◆ Instructions for the task: From the data underneath, reproduce exactly the stretch that begins at the line with "line L84 (0, 16.792)" and ends after the line with "line L112 (0, 52.352)".

◆ Records excerpted from a collection:
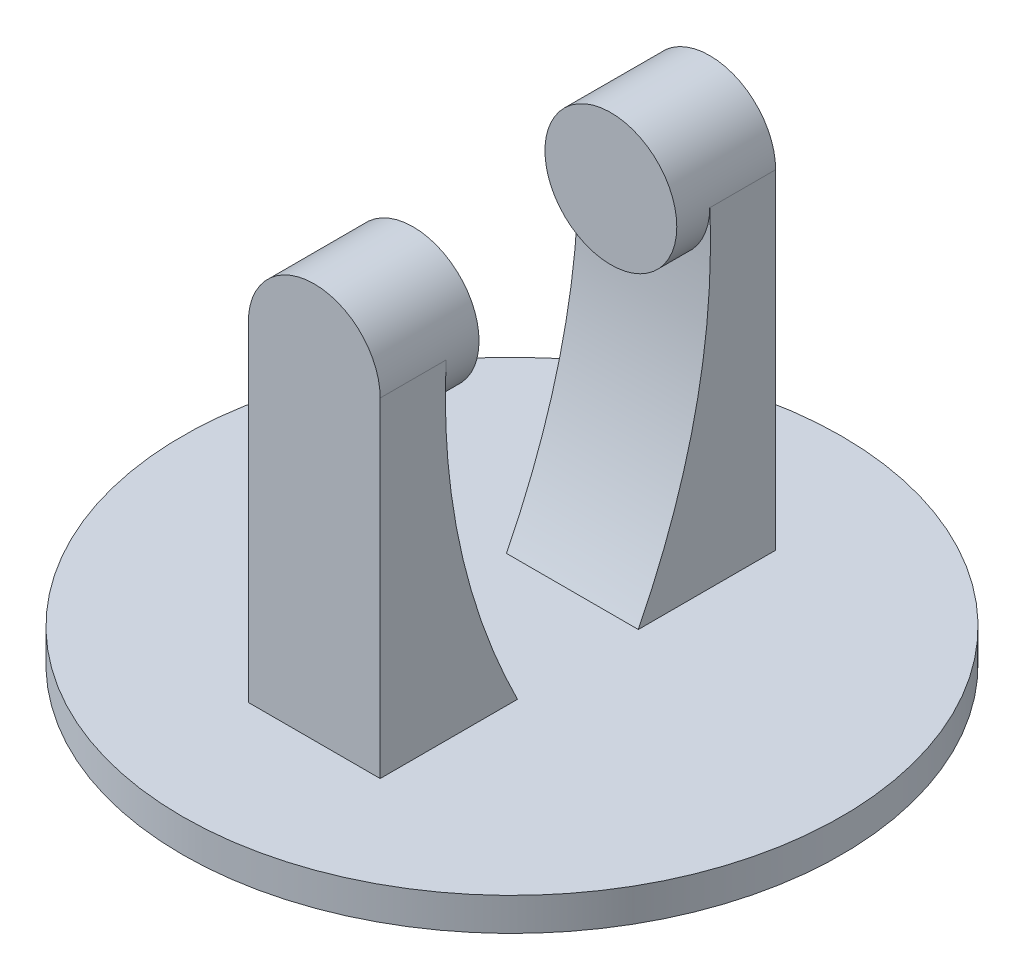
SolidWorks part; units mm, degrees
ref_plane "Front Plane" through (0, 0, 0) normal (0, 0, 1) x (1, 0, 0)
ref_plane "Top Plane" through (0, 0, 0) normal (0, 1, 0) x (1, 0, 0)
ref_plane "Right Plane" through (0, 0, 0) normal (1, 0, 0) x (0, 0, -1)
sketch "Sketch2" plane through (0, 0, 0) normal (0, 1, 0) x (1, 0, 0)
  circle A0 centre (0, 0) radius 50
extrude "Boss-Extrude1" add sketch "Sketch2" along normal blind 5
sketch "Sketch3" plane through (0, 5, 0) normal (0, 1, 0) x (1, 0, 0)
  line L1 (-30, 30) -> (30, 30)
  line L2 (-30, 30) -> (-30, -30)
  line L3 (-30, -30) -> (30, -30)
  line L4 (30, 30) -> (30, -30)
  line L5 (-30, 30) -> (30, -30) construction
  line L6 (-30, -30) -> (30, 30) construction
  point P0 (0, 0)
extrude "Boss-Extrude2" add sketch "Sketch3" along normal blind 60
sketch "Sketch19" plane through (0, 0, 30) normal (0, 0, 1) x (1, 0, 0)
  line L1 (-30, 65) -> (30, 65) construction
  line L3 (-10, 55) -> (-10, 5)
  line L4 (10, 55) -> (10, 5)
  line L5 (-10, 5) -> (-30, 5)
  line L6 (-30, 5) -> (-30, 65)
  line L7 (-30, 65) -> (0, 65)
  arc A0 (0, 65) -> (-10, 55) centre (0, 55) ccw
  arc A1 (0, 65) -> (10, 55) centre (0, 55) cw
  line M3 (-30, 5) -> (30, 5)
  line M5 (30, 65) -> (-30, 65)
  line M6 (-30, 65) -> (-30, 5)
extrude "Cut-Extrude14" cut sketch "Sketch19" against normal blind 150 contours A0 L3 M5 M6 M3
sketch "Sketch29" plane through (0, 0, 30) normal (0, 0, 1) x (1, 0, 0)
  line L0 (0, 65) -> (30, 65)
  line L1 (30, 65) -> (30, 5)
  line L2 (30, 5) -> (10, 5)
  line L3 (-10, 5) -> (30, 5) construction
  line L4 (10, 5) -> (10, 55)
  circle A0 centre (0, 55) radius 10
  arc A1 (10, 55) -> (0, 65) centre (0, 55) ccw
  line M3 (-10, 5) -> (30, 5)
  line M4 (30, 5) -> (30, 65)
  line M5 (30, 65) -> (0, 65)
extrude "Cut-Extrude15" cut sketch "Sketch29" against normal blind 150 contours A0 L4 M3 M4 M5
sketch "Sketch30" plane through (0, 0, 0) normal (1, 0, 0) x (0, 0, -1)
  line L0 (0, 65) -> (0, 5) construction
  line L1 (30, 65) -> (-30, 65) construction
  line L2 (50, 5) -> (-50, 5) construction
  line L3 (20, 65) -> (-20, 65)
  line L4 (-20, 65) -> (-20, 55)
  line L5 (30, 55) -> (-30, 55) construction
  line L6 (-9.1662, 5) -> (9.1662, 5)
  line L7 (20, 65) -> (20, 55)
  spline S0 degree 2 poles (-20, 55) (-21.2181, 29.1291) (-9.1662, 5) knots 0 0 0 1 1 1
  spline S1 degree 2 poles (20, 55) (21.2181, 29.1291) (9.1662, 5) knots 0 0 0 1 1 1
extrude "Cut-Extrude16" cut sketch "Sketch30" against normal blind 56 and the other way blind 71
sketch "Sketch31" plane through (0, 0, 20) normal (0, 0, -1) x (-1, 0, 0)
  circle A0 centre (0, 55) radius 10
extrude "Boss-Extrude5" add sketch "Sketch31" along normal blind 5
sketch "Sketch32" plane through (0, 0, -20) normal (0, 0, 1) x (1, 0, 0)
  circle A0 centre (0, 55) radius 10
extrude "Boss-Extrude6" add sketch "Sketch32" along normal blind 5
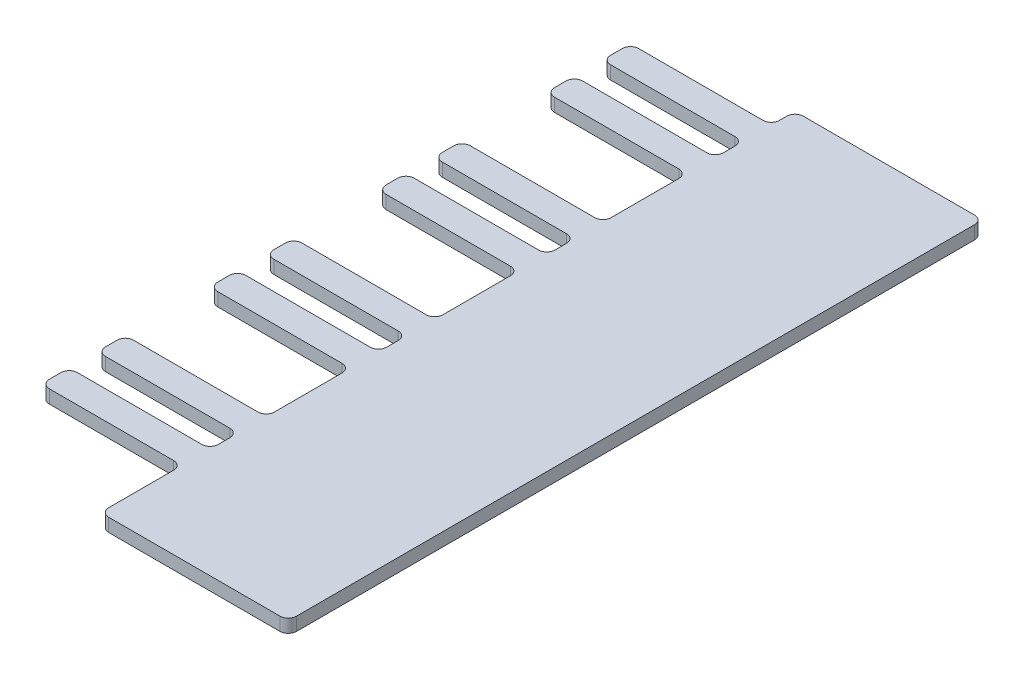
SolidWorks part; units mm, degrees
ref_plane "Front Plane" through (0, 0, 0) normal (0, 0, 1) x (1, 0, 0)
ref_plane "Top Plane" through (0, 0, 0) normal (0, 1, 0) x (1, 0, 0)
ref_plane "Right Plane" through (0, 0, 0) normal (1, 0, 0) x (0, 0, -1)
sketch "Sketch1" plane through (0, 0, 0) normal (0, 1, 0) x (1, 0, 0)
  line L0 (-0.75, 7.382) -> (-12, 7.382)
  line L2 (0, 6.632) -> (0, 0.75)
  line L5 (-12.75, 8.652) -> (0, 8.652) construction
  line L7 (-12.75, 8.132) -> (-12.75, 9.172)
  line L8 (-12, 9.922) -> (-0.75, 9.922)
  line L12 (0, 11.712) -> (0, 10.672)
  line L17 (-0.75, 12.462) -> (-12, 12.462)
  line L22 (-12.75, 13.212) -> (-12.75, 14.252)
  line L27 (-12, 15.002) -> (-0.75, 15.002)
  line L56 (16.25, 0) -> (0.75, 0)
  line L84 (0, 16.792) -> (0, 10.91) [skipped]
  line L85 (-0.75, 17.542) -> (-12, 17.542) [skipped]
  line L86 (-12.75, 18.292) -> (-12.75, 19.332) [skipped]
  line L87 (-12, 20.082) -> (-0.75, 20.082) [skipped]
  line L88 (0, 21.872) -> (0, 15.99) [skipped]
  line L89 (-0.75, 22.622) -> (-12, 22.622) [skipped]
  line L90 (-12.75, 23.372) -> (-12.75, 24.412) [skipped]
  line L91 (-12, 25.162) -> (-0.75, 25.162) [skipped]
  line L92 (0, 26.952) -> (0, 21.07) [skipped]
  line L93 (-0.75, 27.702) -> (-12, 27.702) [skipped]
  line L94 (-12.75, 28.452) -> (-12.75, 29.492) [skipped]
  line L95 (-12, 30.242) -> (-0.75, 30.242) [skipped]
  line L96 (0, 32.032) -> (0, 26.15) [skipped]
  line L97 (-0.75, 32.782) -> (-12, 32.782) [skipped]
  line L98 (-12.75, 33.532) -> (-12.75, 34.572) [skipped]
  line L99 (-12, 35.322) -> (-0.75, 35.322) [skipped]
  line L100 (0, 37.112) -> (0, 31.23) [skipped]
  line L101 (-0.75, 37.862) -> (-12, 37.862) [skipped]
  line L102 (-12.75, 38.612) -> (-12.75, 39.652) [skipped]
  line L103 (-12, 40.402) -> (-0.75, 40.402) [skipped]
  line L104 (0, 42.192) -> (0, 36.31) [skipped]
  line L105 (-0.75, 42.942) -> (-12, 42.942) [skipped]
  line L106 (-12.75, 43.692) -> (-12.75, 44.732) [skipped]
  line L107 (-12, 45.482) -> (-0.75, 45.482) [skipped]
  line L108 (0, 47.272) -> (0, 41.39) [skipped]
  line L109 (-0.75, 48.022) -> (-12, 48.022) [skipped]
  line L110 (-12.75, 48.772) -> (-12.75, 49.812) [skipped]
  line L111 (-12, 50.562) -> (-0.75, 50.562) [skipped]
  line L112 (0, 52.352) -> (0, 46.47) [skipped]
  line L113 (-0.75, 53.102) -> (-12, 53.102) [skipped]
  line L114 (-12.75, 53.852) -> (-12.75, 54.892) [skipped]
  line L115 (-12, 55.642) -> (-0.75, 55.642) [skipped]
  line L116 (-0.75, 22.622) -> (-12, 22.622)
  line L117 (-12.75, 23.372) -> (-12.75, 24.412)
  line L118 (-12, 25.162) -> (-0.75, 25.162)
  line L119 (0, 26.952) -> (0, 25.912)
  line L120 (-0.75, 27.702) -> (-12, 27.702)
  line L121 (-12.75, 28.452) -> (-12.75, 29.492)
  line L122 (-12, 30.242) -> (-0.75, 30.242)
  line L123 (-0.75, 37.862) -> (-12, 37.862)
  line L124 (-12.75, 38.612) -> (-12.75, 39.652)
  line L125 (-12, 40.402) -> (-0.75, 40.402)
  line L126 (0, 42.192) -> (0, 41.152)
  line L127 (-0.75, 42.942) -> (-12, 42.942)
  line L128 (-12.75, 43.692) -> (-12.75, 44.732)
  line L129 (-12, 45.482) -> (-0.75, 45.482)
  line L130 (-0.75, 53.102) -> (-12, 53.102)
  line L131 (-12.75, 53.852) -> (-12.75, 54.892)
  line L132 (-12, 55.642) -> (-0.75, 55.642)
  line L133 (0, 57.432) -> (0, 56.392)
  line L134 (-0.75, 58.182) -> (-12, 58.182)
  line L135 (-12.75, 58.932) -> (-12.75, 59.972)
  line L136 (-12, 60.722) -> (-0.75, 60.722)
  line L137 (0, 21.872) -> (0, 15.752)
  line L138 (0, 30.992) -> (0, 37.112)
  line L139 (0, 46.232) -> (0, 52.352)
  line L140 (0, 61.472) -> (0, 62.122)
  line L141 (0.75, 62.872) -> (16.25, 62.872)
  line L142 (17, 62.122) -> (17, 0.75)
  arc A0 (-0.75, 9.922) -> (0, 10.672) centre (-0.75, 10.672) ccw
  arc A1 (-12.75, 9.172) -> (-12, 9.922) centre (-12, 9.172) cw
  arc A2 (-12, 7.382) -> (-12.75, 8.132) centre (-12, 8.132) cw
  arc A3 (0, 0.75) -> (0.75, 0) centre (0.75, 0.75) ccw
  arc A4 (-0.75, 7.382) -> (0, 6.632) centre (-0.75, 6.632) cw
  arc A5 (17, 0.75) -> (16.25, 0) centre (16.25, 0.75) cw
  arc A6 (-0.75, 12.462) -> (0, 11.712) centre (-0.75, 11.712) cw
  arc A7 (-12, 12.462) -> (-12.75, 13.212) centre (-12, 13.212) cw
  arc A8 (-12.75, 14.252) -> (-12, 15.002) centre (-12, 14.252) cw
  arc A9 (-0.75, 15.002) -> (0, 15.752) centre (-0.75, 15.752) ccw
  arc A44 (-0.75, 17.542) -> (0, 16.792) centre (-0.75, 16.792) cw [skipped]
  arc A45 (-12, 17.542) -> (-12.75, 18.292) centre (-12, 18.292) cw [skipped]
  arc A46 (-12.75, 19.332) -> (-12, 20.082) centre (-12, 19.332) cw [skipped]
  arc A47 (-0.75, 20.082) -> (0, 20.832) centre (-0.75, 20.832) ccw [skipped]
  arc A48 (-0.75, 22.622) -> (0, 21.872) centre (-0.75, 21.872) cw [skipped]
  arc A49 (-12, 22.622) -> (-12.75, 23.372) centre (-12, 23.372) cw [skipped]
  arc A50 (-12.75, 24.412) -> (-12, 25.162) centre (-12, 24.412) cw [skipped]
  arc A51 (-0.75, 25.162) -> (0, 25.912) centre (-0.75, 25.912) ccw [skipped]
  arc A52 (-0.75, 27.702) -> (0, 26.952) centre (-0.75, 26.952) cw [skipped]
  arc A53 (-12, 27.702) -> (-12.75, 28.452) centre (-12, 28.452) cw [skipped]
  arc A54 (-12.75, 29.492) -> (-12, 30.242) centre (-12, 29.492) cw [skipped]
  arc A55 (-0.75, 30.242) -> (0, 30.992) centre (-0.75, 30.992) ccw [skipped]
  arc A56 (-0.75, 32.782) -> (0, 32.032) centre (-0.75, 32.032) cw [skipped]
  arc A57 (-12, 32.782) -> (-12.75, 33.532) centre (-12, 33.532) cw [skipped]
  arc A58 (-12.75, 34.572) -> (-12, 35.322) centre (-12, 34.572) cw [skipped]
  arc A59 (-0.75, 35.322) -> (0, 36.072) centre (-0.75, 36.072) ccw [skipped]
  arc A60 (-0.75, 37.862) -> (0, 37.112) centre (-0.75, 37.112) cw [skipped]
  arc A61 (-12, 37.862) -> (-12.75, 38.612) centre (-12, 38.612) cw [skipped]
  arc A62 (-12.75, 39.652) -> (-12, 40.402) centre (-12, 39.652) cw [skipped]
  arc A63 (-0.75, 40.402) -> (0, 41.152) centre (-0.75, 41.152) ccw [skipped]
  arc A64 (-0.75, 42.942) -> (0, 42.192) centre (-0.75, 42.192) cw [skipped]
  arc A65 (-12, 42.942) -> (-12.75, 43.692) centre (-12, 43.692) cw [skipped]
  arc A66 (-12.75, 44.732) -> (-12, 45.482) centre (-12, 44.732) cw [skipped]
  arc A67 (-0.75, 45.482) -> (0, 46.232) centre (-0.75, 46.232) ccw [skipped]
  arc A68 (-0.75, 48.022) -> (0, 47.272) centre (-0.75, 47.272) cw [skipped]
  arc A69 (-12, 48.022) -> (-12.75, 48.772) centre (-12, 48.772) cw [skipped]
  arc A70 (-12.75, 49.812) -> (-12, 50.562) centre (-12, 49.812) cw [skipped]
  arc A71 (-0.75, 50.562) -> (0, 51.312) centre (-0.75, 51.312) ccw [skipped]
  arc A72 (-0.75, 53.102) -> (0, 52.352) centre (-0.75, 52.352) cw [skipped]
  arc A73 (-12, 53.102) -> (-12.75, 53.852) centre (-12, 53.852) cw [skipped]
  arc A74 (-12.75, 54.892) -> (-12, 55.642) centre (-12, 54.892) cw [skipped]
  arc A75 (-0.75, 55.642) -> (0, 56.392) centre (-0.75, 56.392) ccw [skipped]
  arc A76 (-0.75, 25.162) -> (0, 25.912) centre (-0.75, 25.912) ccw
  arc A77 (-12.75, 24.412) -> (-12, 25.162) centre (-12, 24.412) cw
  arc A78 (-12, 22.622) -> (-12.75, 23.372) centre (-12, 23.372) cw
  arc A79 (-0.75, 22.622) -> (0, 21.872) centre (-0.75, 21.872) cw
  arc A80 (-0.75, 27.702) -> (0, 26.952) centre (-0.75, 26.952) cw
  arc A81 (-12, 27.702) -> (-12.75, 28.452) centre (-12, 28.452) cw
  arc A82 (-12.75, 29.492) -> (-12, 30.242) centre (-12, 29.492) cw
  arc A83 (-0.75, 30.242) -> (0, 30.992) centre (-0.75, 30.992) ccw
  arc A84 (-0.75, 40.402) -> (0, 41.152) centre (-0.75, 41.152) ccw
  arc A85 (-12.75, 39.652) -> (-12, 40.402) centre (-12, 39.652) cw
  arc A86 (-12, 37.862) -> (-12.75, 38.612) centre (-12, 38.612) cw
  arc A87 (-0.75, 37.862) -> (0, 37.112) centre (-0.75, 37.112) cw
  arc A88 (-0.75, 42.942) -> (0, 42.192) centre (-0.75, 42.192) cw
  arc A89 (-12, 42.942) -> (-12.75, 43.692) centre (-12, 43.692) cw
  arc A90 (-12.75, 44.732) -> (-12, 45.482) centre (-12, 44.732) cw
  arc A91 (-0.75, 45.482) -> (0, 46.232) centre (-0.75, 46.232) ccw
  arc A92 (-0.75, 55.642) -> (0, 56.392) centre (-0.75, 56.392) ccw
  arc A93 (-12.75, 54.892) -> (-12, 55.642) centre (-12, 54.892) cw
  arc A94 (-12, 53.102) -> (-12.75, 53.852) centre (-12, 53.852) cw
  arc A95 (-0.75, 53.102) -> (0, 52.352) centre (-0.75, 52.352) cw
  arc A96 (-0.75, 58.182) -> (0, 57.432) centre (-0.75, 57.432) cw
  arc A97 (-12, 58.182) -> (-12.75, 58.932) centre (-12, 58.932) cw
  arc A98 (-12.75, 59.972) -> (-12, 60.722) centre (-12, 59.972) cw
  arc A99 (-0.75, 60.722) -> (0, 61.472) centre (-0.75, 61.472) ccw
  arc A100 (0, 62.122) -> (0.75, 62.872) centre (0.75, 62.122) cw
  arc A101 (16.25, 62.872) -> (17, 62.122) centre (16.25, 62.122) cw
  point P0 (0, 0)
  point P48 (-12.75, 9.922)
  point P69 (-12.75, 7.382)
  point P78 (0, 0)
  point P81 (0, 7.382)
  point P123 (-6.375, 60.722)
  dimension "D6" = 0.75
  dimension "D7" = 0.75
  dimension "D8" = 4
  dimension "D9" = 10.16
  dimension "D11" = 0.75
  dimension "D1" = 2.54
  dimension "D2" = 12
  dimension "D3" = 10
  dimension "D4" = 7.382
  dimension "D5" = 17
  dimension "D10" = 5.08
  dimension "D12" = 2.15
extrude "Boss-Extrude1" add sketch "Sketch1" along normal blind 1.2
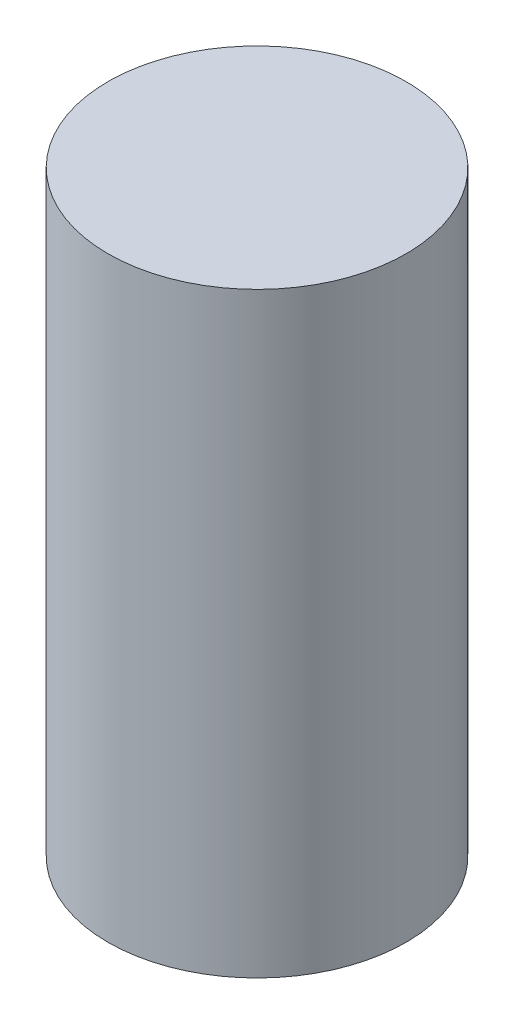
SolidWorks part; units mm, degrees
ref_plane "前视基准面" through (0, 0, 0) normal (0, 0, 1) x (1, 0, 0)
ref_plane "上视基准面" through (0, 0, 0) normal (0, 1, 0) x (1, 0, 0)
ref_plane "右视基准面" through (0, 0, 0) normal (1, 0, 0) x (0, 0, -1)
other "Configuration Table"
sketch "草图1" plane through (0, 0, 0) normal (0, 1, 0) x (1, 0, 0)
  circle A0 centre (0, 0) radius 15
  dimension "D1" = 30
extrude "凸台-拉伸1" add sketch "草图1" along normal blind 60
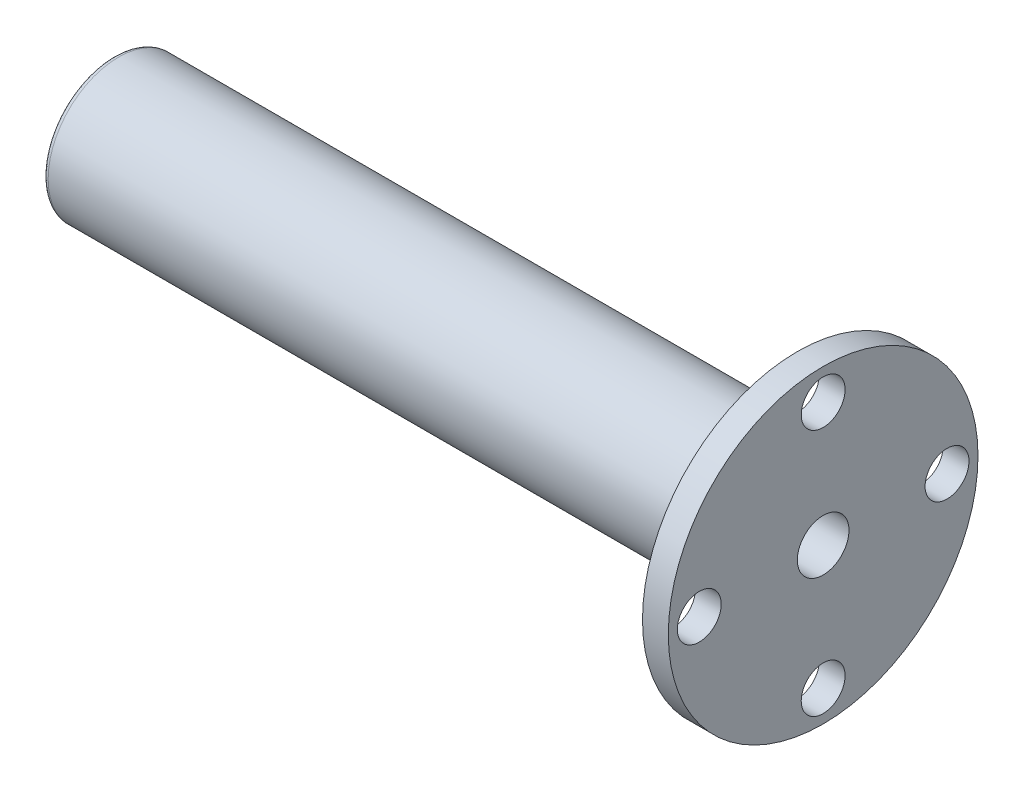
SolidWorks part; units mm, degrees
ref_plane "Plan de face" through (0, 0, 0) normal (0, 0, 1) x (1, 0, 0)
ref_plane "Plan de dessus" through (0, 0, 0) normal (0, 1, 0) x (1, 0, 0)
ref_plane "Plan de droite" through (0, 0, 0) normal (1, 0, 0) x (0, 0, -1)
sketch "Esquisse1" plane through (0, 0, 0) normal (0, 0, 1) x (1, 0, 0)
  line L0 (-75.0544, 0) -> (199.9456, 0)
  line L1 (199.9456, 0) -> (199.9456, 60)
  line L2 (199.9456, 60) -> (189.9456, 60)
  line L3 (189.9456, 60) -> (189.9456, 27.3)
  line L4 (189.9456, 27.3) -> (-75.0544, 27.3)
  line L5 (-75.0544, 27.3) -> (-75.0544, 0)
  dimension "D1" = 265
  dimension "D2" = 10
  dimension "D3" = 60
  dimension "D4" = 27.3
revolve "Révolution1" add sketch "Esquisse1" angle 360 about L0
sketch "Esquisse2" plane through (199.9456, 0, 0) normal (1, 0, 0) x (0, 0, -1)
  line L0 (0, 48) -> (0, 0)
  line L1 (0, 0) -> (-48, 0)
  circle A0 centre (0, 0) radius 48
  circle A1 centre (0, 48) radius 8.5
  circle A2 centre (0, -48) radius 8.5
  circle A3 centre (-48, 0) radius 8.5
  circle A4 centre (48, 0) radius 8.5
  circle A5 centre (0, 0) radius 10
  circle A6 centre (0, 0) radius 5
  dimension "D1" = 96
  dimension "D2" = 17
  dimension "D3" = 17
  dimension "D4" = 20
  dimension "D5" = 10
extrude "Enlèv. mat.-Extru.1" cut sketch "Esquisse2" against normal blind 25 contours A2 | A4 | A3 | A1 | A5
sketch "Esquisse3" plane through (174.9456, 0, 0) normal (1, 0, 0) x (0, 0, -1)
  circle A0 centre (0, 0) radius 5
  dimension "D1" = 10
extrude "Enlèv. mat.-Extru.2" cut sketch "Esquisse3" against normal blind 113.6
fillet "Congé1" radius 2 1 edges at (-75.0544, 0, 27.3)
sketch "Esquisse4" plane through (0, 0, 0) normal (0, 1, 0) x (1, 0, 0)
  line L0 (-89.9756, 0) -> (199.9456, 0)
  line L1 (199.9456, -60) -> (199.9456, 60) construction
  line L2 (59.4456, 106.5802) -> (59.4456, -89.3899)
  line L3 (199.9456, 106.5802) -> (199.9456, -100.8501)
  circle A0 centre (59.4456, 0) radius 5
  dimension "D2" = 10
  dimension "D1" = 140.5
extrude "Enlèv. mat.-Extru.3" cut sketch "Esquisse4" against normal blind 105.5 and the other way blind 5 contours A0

◆ Answer to this exercise:
  line L84 (0, 16.792) -> (0, 10.91) [skipped]
  line L85 (-0.75, 17.542) -> (-12, 17.542) [skipped]
  line L86 (-12.75, 18.292) -> (-12.75, 19.332) [skipped]
  line L87 (-12, 20.082) -> (-0.75, 20.082) [skipped]
  line L88 (0, 21.872) -> (0, 15.99) [skipped]
  line L89 (-0.75, 22.622) -> (-12, 22.622) [skipped]
  line L90 (-12.75, 23.372) -> (-12.75, 24.412) [skipped]
  line L91 (-12, 25.162) -> (-0.75, 25.162) [skipped]
  line L92 (0, 26.952) -> (0, 21.07) [skipped]
  line L93 (-0.75, 27.702) -> (-12, 27.702) [skipped]
  line L94 (-12.75, 28.452) -> (-12.75, 29.492) [skipped]
  line L95 (-12, 30.242) -> (-0.75, 30.242) [skipped]
  line L96 (0, 32.032) -> (0, 26.15) [skipped]
  line L97 (-0.75, 32.782) -> (-12, 32.782) [skipped]
  line L98 (-12.75, 33.532) -> (-12.75, 34.572) [skipped]
  line L99 (-12, 35.322) -> (-0.75, 35.322) [skipped]
  line L100 (0, 37.112) -> (0, 31.23) [skipped]
  line L101 (-0.75, 37.862) -> (-12, 37.862) [skipped]
  line L102 (-12.75, 38.612) -> (-12.75, 39.652) [skipped]
  line L103 (-12, 40.402) -> (-0.75, 40.402) [skipped]
  line L104 (0, 42.192) -> (0, 36.31) [skipped]
  line L105 (-0.75, 42.942) -> (-12, 42.942) [skipped]
  line L106 (-12.75, 43.692) -> (-12.75, 44.732) [skipped]
  line L107 (-12, 45.482) -> (-0.75, 45.482) [skipped]
  line L108 (0, 47.272) -> (0, 41.39) [skipped]
  line L109 (-0.75, 48.022) -> (-12, 48.022) [skipped]
  line L110 (-12.75, 48.772) -> (-12.75, 49.812) [skipped]
  line L111 (-12, 50.562) -> (-0.75, 50.562) [skipped]
  line L112 (0, 52.352) -> (0, 46.47) [skipped]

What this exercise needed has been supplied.